Problem (that I can think of now) that might arise are licensing and charset
conversion. I don't know under which conditions myspell was relicensed as
mpl/gpl/lgpl. The openoffice spellchecker seems to bu onder something bsd like
or so.
Charset conversion depends on how openoffice handles that. If the caller must do
the conversion, that's fine. We can write a wrapper. If myspell does it itself,
and call openoffice functions or so, we must work around that.

Ofcourse, we must contact the openoffice developers.
http://whiteboard.openoffice.org/source/browse/whiteboard/lingucomponent/source/spellcheck/myspell/CONTRIBUTORS?rev=1.3&content-type=text/vnd.viewcvs-markup
has the addresses of the developer and contributors.
this might be a dupe.

It was always our intention to maintain our fork and the open office fork but
our fork has stagnated. I don't think there are additional licensing issues with
trying to update our 2 year old fork with all the other changes that went into
the open office fork.

I've looked into it several times, just haven't had time.
Our port contains all kind of mozilla specific code, like the string classes.
This makes updating quite hard.
My idea is to put in the openoffice code, with as few changes as possible. No
string classes, no own hash tables, but just a straight copy. This makes
updating in the future easier.
So i don't want to update our code, but replace it with openoffice code and a
wrapper.
I got a straight copy of myspell from openoffice working. All i needed was a to
change mozMySpell into a wrapper calling myspell functions and doing charset
conversions. It wasn't as hard as i thought.
Now, I am still somewhat worried about the licensing. What is in the tree now
seems to be a complete rewrite by david einstein. I am putting in a straigt copy
will lots of updates. It is under a bsd-lookalike license. (I think, i don't
know bsd that well. It allows far more then gpl does, even more then mpl)
I was envisioning us doing a merge and keeping our infrastructure such as
strings, etc. i.e. take specific features straight from the myspell engine and
port them back to our fork.

What are the code footprint ramifications of just wrapping the engine in its
entiriety? Are we pulling in lots of plumbing / string classes & stuff? 

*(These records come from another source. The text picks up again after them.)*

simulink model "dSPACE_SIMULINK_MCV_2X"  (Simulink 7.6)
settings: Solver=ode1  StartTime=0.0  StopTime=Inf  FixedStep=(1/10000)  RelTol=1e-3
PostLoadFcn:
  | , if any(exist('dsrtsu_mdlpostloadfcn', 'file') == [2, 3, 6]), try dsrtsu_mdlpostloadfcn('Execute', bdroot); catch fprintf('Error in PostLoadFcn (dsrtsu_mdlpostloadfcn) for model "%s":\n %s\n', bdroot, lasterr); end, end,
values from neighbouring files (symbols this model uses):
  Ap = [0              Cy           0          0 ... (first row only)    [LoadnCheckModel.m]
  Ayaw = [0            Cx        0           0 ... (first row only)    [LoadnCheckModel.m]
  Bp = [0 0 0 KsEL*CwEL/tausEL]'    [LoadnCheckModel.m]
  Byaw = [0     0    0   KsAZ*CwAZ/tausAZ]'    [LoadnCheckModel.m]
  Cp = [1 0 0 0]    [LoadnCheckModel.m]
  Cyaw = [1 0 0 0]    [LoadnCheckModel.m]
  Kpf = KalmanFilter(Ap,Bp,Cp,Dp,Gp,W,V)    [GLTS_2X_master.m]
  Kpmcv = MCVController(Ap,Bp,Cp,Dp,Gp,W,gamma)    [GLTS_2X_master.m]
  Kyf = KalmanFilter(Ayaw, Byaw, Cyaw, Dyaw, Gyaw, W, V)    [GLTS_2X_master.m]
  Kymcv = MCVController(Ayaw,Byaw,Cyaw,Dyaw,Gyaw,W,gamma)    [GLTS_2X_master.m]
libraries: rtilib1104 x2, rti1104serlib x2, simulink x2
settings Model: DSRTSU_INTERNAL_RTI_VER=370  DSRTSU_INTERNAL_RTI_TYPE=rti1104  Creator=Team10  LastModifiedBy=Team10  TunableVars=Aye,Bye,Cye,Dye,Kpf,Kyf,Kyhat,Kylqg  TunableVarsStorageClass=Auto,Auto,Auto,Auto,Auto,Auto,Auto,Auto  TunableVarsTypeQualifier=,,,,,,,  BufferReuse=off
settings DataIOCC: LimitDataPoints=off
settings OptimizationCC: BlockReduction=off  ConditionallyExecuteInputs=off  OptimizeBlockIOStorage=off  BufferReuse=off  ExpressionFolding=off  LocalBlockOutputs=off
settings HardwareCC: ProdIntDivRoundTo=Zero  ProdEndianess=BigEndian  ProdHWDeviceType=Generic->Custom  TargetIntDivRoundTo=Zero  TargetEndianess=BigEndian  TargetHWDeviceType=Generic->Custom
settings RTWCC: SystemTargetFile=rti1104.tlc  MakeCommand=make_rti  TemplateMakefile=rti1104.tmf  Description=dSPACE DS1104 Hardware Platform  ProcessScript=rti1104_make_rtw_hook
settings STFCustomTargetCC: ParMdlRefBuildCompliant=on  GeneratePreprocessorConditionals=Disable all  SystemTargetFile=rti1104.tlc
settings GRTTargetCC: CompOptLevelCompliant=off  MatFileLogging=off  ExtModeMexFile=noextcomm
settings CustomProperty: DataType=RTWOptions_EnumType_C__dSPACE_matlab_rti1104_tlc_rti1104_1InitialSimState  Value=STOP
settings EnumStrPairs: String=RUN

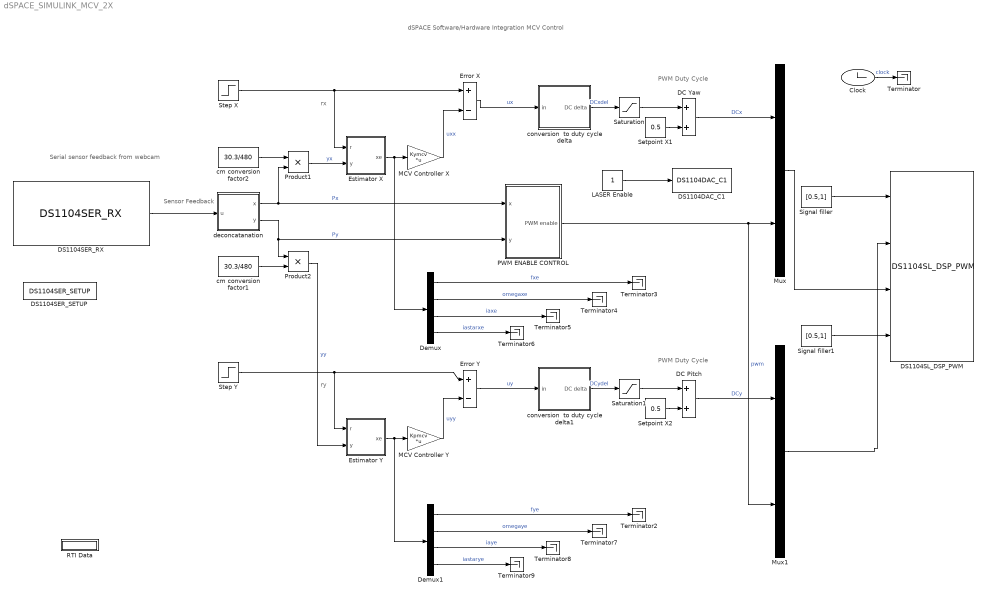
== system dSPACE_SIMULINK_MCV_2X ==
  note: rx
  note: PWM Duty Cycle
  note: dSPACE Software/Hardware Integration MCV Control
  note: Sensor Feedback
  note: Serial sensor feedback from webcam
  note: ry
  note: PWM Duty Cycle
  Clock : Clock
  DC Pitch : Sum
  DC Yaw : Sum
  DS1104DAC_C1 : rtilib1104/DS1104 MASTER PPC/DS1104DAC_C1  SystemSampleTime=-1  ChannelNo=1  InitValue=0  TermMode=0  TermValue=0  Reserved1=[]  Reserved2=[]  Reserved3=[]  Reserved4=[]  DialogFcn=gui1104dac  UnitName={ 'DS1104DAC_C'}  UnitValues={ 1 }  DSProperties=struct('RTI',struct('Version',uint32(1),'BlockType',struct('isSLSource',uint8(0),'isSLSink',uint8(1),'isHWSource',uint8(0),'isHWSink',uint8(1),'isSetup',uint8(0),'isInline',uint8(1),'isNonInline',uint8(0),'isInterrupt',uint8(0),'isChannelwise',uint8(1)),'IOBoardType','DS1104MASTER','UnitType','DAC','Identifier','DAC','DialogType','ML','BlockSet','NONE','SlaveProcessor','NONE'))
  DS1104SER_RX : rti1104serlib/DS1104SER_RX  SystemSampleTime=-1  Reserved1=[]  Reserved2=[]  Reserved3=[]  Reserved4=[]  DSProperties=struct('RTI',struct('IOBoardType',{{'DS1104','SER'}},'SlaveProcessor','NONE','Version',uint32(1),'BlockType',struct('isSLSource',uint8(1),'isSLSink',uint8(1),'isHWSource',uint8(0),'isHWSink',uint8(1),'isSetup',uint8(0),'isInline',uint8(1),'isNonInline',uint8(0),'isInterrupt',uint8(0),'isChannelwise',uint8(1)),'UnitType','GENSER','Identifier','RECEIVE','DialogType','ML','BlockSet','NONE'))  RTIBlockInterface=struct('BlockName',struct('Token',{{'DS1104SER_RX'}}),'InputPortsWidth',int32(1),'InputPortsActive',0,'InputPortsDataType',{{'SS_UINT32'}},'InputPortsName',{{'NumBytes'}},'OutputPortsWidth',int32([8 1 1]),'OutputPortsActive',[1 0 0],'OutputPortsDataType',{{'SS_UINT8','SS_UINT32','SS_INT32'}},'OutputPortsName',{{'RXBytes','NumRXBytes','Status'}},'BlockDisplay',{{['Serial Receive'],'center'}},'IconTransparency','on','ParameterTunableNames',{{}},'InitLevel',2,'DialogFcn','guigenserreceive','MaskDescription',['To read data from the UART SW FIFO.'])  RTIBlockParameters=struct('BoardNo',{{1,'ON',[1 1]}},'ChannelNo',{{1,'ON',[1 1]}},'ChannelNumOf',{{1,'OFF',[]}},'ReceptionDataMode',{{1,'OFF',[]}},'ParamTunableMode',{{2,'OFF',[]}},'BytesRefNumOfT',{{'1','OFF',[1 inf]}},'BytesRefNumOfNT',{{'8','OFF',[1 inf]}},'BytesRefNumOfMax',{{'1','OFF',[1 inf]}},'BytesRefNumOfMode',{{0,'OFF',[]}},'BytesActNumOfMode',{{0,'OFF',[]}},'ReceptionStatusMode',{{0,'OFF',[]}},'FifoSizeDefault',{{64,'OFF',[]}},'TLCFileName',{{'rtigenserreceive','OFF',[]}})  RTISFcnParameters=struct('BoardNo','double','ChannelNo','double','ChannelNumOf','double','ReceptionDataMode','double','ParamTunableMode','double','BytesRefNumOfT','double','BytesRefNumOfNT','double','BytesRefNumOfMax','double','BytesRefNumOfMode','double','BytesActNumOfMode','double','ReceptionStatusMode','double','TLCFileName','char')  RTIBlockParaDefault=struct('BoardNo',1,'ChannelNo',1,'ChannelNumOf',1,'ReceptionDataMode',1,'ParamTunableMode',1,'BytesRefNumOfT',1,'BytesRefNumOfNT',1,'BytesRefNumOfMax',1,'BytesRefNumOfMode',0,'BytesActNumOfMode',1,'ReceptionStatusMode',1,'FifoSizeDefault',64,'TLCFileName','rtigenserreceive')
  DS1104SER_SETUP : rti1104serlib/DS1104SER_SETUP  SystemSampleTime=-1  Reserved1=[]  Reserved2=[]  Reserved3=[]  Reserved4=[]  DSProperties=struct('RTI',struct('IOBoardType',{{'DS1104','SER'}},'SlaveProcessor','NONE','Version',uint32(2),'BlockType',struct('isSLSource',uint8(0),'isSLSink',uint8(0),'isHWSource',uint8(0),'isHWSink',uint8(0),'isSetup',uint8(1),'isInline',uint8(1),'isNonInline',uint8(0),'isInterrupt',uint8(0),'isChannelwise',uint8(1)),'UnitType','GENSER','Identifier','SETUP','DialogType','ML','BlockSet','NONE'))  RTIBlockInterface=struct('BlockName',struct('Token',{{'DS1104SER_SETUP'}}),'BlockDisplay',{{['Serial Setup'],'center'}},'IconTransparency','off','ParameterTunableNames',{{}},'InitLevel',1,'DialogFcn','guigensersetup','MaskDescription',['To set the global specifications for the UART interface.'])  RTIBlockParameters=struct('ParityMode',{{1,'OFF',[1 5]}},'TransceiverMode',{{1,'OFF',[]}},'QuartzFrequency',{{'16000000','OFF',[1 1]}},'BoardNo',{{1,'ON',[1 1]}},'ChannelNo',{{1,'ON',[1 1]}},'ChannelNumOf',{{1,'OFF',[]}},'BaudRate',{{'19200','OFF',[]}},'DataBitsNumOf',{{3,'OFF',[1 4]}},'StopBitsNumOf',{{1,'OFF',[1 3]}},'ReceiveIntLevelUart',{{3,'OFF',[1 4]}},'AutoflowMode',{{1,'OFF',[]}},'FifoSize',{{'64','OFF',[]}},'ReceiveIntLevelFifo',{{0,'OFF',[]}},'FifoOverrunMode',{{2,'OFF',[]}},'FifoBlockSize',{{'8','OFF',[]}},'TermMode',{{1,'OFF',[]}},'TLCFileName',{{'rtigensersetup','OFF',[]}})  RTISFcnParameters=struct('BoardNo','double','ChannelNo','double','ChannelNumOf','double','BaudRate','double','DataBitsNumOf','double','StopBitsNumOf','double','ParityMode','double','TransceiverMode','double','ReceiveIntLevelUart','double','AutoflowMode','double','FifoSize','double','ReceiveIntLevelFifo','double','FifoBlockSize','double','TermMode','double','QuartzFrequency','double','TLCFileName','char')  RTIBlockParaDefault=struct('ParityMode',1,'TransceiverMode',1,'QuartzFrequency',16000000,'BoardNo',1,'ChannelNo',1,'ChannelNumOf',1,'BaudRate',115200,'DataBitsNumOf',4,'StopBitsNumOf',1,'ReceiveIntLevelUart',4,'AutoflowMode',0,'FifoSize',64,'ReceiveIntLevelFifo',0,'FifoOverrunMode',1,'FifoBlockSize',0,'TermMode',1,'TLCFileName','rtigensersetup')
  DS1104SL_DSP_PWM : rtilib1104/DS1104 SLAVE DSP/DS1104SL_DSP_PWM  SystemSampleTime=-1  Parameters=[]  TDef=[]  BoardType=[]  PwmMode=[]  Frequency=[]  InitValue=[]  TermMode=[]  TermValue=[]  Polarity=[]  DialogFcn=[]  Reserved1=[]  Reserved2=[]  Reserved3=[]  Reserved4=[]  Revision=[]  UnitName=[]  UnitValues=[]  DSProperties=struct('RTI',struct('Version',uint32(2),'BlockType',struct('isSLSource',uint8(0),'isSLSink',uint8(1),'isHWSource',uint8(0),'isHWSink',uint8(1),'isSetup',uint8(0),'isInline',uint8(1),'isNonInline',uint8(0),'isInterrupt',uint8(0),'isChannelwise',uint8(0)),'IOBoardType','DS1104SLAVE','UnitType','PWM','Identifier','PWM','DialogType','ML','BlockSet','NONE','SlaveProcessor','F240'))  RTIBlockInterface=struct('InputPortsActive',[1 1 1 1],'InputPortsWidth',int32([2 2 2 2]),'InputPortsName',{{['PWM Channel 1'],['PWM Channel 2'],['PWM Channel 3'],['PWM Channel 4']}},'IWork',{{{'',uint32(4)}}},'DialogFcn','rti1104slavepwmgui','InitLevel',1,'BlockDisplay',{{'','auto'}},'IconTransparency','on','MultiSFcn',4,'BlockName',struct('Token',{{'DS1104SL_DSP_PWM'}}))  RTIBlockParameters=struct('PWMSymmetryMode',{{1,'OFF',[]}},'PWMFrequency',{{'100000','OFF',[]}},'PWMPolarityMode',{{[1 1 1 1 1],'OFF',[]}},'ChannelNo',{{[1 2 3 4],'OFF',[]}},'SuspendModeInit',{{[1 1 1 1 1],'OFF',[]}},'TTLModeInit',{{[2 2 2 2 2],'OFF',[]}},'DutyCycleInitValueCh1',{{'0.5','OFF',[]}},'DutyCycleInitValueCh2',{{'0.5','OFF',[]}},'DutyCycleInitValueCh3',{{'0.5','OFF',[]}},'DutyCycleInitValueCh4',{{'0.5','OFF',[]}},'DutyCycleInitValueCh5',{{'0.5','OFF',[]}},'EnablePWMStop',{{[1 1 1 1 0],'OFF',[]}},'SuspendModeTerm',{{[1 1 1 1 1],'OFF',[]}},'TTLModeTerm',{{[2 2 2 2 2],'OFF',[]}},'DutyCycleTermValueCh1',{{'0.5','OFF',[]}},'DutyCycleTermValueCh2',{{'0.5','OFF',[]}},'DutyCycleTermValueCh3',{{'0.5','OFF',[]}},'DutyCycleTermValueCh4',{{'0.5','OFF',[]}},'DutyCycleTermValueCh5',{{'0.5','OFF',[]}},'TLCFileName',{{'rti1104pwm','OFF',[]}})  RTISFcnParameters=struct('PWMSymmetryMode','double','PWMFrequency','double','PWMPolarityMode','double','ChannelNo','double','SuspendModeInit','double','TTLModeInit','double','DutyCycleInitValueCh1','double','DutyCycleInitValueCh2','double','DutyCycleInitValueCh3','double','DutyCycleInitValueCh4','double','EnablePWMStop','double','SuspendModeTerm','double','TTLModeTerm','double','DutyCycleTermValueCh1','double','DutyCycleTermValueCh2','double','DutyCycleTermValueCh3','double','DutyCycleTermValueCh4','double','TLCFileName','char')  RTIBlockParaDefault=struct('PWMSymmetryMode',1,'PWMFrequency',100,'PWMPolarityMode',[1 1 1 1 1],'ChannelNo',[1 2 3 4],'SuspendModeInit',[1 1 1 1 1],'TTLModeInit',[2 2 2 2 2],'DutyCycleInitValueCh1',0.5,'DutyCycleInitValueCh2',0.5,'DutyCycleInitValueCh3',0.5,'DutyCycleInitValueCh4',0.5,'DutyCycleInitValueCh5',0.5,'EnablePWMStop',[1 1 1 1 0],'SuspendModeTerm',[1 1 1 1 1],'TTLModeTerm',[2 2 2 2 2],'DutyCycleTermValueCh1',0.5,'DutyCycleTermValueCh2',0.5,'DutyCycleTermValueCh3',0.5,'DutyCycleTermValueCh4',0.5,'DutyCycleTermValueCh5',0.5,'TLCFileName','rti1104pwm')
  Demux : Demux
  Demux1 : Demux
  Error X : Sum  Inputs=+-
  Error Y : Sum  Inputs=+-
  Estimator X : Subsystem
  Estimator Y : Subsystem
  LASER Enable : Constant
  MCV Controller X : Gain  Gain=Kymcv  Multiplication=Matrix(K*u)
  MCV Controller Y : Gain  Gain=Kpmcv  Multiplication=Matrix(K*u)
  Mux : Mux  Inputs=2
  Mux1 : Mux  Inputs=2
  PWM ENABLE CONTROL : Subsystem
  Product1 : Product  RndMeth=Zero
  Product2 : Product  RndMeth=Zero
  RTI Data : Subsystem  Tag=struct('RTIDataServer',struct('RTIDataServerVs','2','RTIModelDescription','struct(''main'',''dSPACE_SIMULINK_MCV_2X'',''sub'','''',''isMp'',0)'))  LoadFcn="if exist('rtidc'), try,  rtidc('DataHostBlockClbLoad', gcbh); catch, disp(['Warning: ''LoadFcn'' for RTI Data block failed: ' lasterr]); end, end,"
      settings: CopyFcn="if exist('rtidc'), try,  rtidc('DataHostBlockClbCopy', gcbh); catch, disp(['Warning: ''CopyFcn'' for RTI Data block failed: ' lasterr]); end, end,"  DeleteFcn="if exist('rtidc'), try,  rtidc('DataHostBlockClbDelete', gcbh); catch, disp(['Warning: ''DeleteFcn'' for RTI Data block failed: ' lasterr]); end, end,"  ModelCloseFcn="if exist('rtidc'), try,  rtidc('DataHostBlockClbModelClose', gcbh); catch, disp(['Warning: ''ModelCloseFcn'' for RTI Data block failed: ' lasterr]); end, end,"  PreSaveFcn="if exist('rtidc'), try,  rtidc('DataHostBlockClbPreSave', gcbh); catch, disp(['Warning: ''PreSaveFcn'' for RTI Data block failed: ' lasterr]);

I'm really impressed by how quickly you were able to put together a wrapper! I
just need to better understand the costs.

As far as the licensing goes, last time we talked to them we were in the clear
(in fact the myspell guy worked hand in hand with david einstein when they were
getting the fork going). If we have to we can move some stuff into
other-licenses but I don't think we will. I will try to find out more.
It surprised me too :)
basicly, it is just two functions: check and suggest. The rest is syntactic
sugar. I didn't touch stuff like personal dictionary. Only
extension/spellcheck/myspell/src is changed.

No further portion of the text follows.